- Your task
Could you give back every entry below exactly, with the pictures dropped?
--- Material provided ---
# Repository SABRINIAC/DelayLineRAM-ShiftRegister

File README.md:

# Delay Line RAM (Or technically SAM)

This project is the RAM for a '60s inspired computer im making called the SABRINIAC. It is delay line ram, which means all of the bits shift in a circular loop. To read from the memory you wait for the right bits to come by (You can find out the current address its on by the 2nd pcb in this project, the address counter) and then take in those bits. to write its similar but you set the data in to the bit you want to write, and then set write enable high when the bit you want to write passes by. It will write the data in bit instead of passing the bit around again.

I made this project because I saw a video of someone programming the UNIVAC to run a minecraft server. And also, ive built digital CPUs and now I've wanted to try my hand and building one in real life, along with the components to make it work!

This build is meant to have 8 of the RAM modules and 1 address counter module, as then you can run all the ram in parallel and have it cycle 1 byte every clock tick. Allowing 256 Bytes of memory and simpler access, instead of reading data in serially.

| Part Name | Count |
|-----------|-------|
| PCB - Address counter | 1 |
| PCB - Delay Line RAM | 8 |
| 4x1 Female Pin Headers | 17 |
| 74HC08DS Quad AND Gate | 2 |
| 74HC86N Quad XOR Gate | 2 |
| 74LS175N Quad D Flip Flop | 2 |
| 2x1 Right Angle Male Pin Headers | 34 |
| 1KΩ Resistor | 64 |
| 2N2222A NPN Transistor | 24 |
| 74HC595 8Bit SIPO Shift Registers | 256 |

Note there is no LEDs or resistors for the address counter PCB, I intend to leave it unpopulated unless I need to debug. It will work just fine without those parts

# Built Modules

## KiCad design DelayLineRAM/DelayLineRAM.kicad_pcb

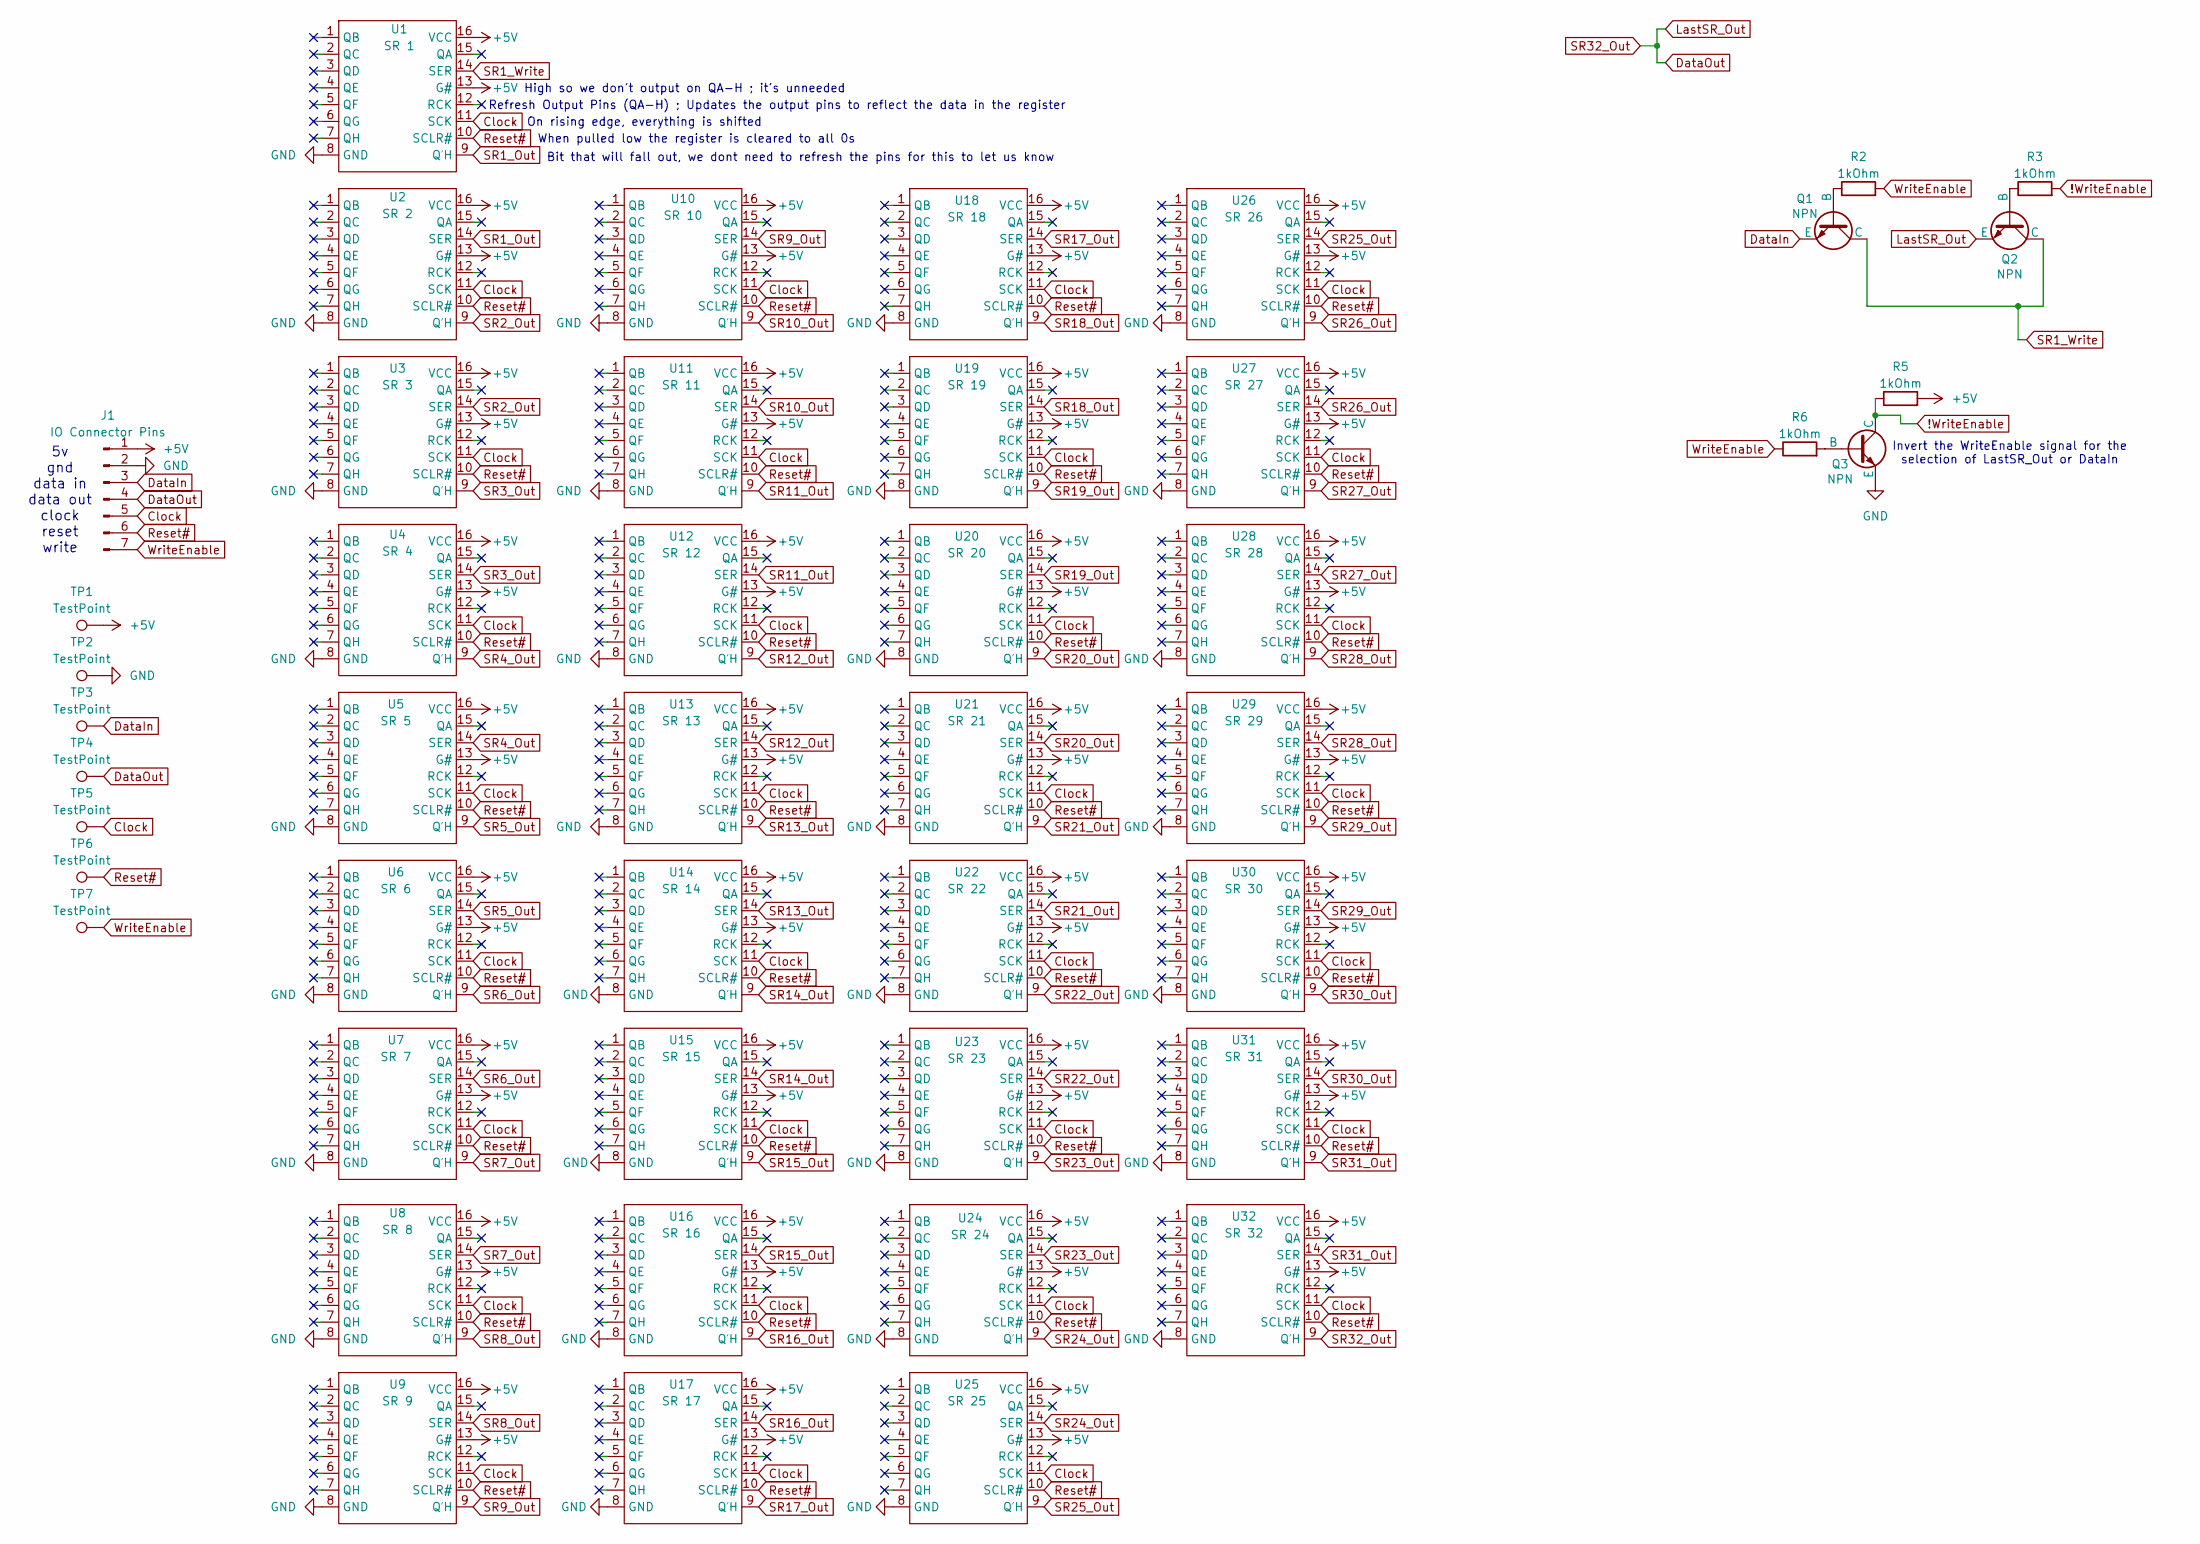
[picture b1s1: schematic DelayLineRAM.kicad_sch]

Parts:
J1: IO Connector Pins; PinHeader_1x07_P2.54mm_Horizontal
Q1, Q2, Q3: NPN; TO-92
R2, R3, R5, R6: 1kOhm; R_Axial_DIN0204_L3.6mm_D1.6mm_P5.08mm_Horizontal
TP1, TP2, TP3, TP4, TP5, TP6, TP7: TestPoint; TestPoint_Pad_D1.5mm
U1: SR 1; SOP-16_L9.9-W3.9-P1.27-LS6.0-BL; Manufacturer Part 74HC595DRG; LCSC Part Name 74系列 逻辑芯片
U2: SR 2; SOP-16_L9.9-W3.9-P1.27-LS6.0-BL; Manufacturer Part 74HC595DRG; LCSC Part Name 74系列 逻辑芯片
U3: SR 3; SOP-16_L9.9-W3.9-P1.27-LS6.0-BL; Manufacturer Part 74HC595DRG; LCSC Part Name 74系列 逻辑芯片
U4: SR 4; SOP-16_L9.9-W3.9-P1.27-LS6.0-BL; Manufacturer Part 74HC595DRG; LCSC Part Name 74系列 逻辑芯片
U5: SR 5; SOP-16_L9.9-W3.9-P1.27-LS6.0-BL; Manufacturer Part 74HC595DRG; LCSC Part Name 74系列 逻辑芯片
---
- Solution to this task
# Repository SABRINIAC/DelayLineRAM-ShiftRegister

File README.md:

# Delay Line RAM (Or technically SAM)

This project is the RAM for a '60s inspired computer im making called the SABRINIAC. It is delay line ram, which means all of the bits shift in a circular loop. To read from the memory you wait for the right bits to come by (You can find out the current address its on by the 2nd pcb in this project, the address counter) and then take in those bits. to write its similar but you set the data in to the bit you want to write, and then set write enable high when the bit you want to write passes by. It will write the data in bit instead of passing the bit around again.

I made this project because I saw a video of someone programming the UNIVAC to run a minecraft server. And also, ive built digital CPUs and now I've wanted to try my hand and building one in real life, along with the components to make it work!

This build is meant to have 8 of the RAM modules and 1 address counter module, as then you can run all the ram in parallel and have it cycle 1 byte every clock tick. Allowing 256 Bytes of memory and simpler access, instead of reading data in serially.

| Part Name | Count |
|-----------|-------|
| PCB - Address counter | 1 |
| PCB - Delay Line RAM | 8 |
| 4x1 Female Pin Headers | 17 |
| 74HC08DS Quad AND Gate | 2 |
| 74HC86N Quad XOR Gate | 2 |
| 74LS175N Quad D Flip Flop | 2 |
| 2x1 Right Angle Male Pin Headers | 34 |
| 1KΩ Resistor | 64 |
| 2N2222A NPN Transistor | 24 |
| 74HC595 8Bit SIPO Shift Registers | 256 |

Note there is no LEDs or resistors for the address counter PCB, I intend to leave it unpopulated unless I need to debug. It will work just fine without those parts

# Built Modules

## KiCad design DelayLineRAM/DelayLineRAM.kicad_pcb

[picture b1s1: schematic DelayLineRAM.kicad_sch]

Parts:
J1: IO Connector Pins; PinHeader_1x07_P2.54mm_Horizontal
Q1, Q2, Q3: NPN; TO-92
R2, R3, R5, R6: 1kOhm; R_Axial_DIN0204_L3.6mm_D1.6mm_P5.08mm_Horizontal
TP1, TP2, TP3, TP4, TP5, TP6, TP7: TestPoint; TestPoint_Pad_D1.5mm
U1: SR 1; SOP-16_L9.9-W3.9-P1.27-LS6.0-BL; Manufacturer Part 74HC595DRG; LCSC Part Name 74系列 逻辑芯片
U2: SR 2; SOP-16_L9.9-W3.9-P1.27-LS6.0-BL; Manufacturer Part 74HC595DRG; LCSC Part Name 74系列 逻辑芯片
U3: SR 3; SOP-16_L9.9-W3.9-P1.27-LS6.0-BL; Manufacturer Part 74HC595DRG; LCSC Part Name 74系列 逻辑芯片
U4: SR 4; SOP-16_L9.9-W3.9-P1.27-LS6.0-BL; Manufacturer Part 74HC595DRG; LCSC Part Name 74系列 逻辑芯片
U5: SR 5; SOP-16_L9.9-W3.9-P1.27-LS6.0-BL; Manufacturer Part 74HC595DRG; LCSC Part Name 74系列 逻辑芯片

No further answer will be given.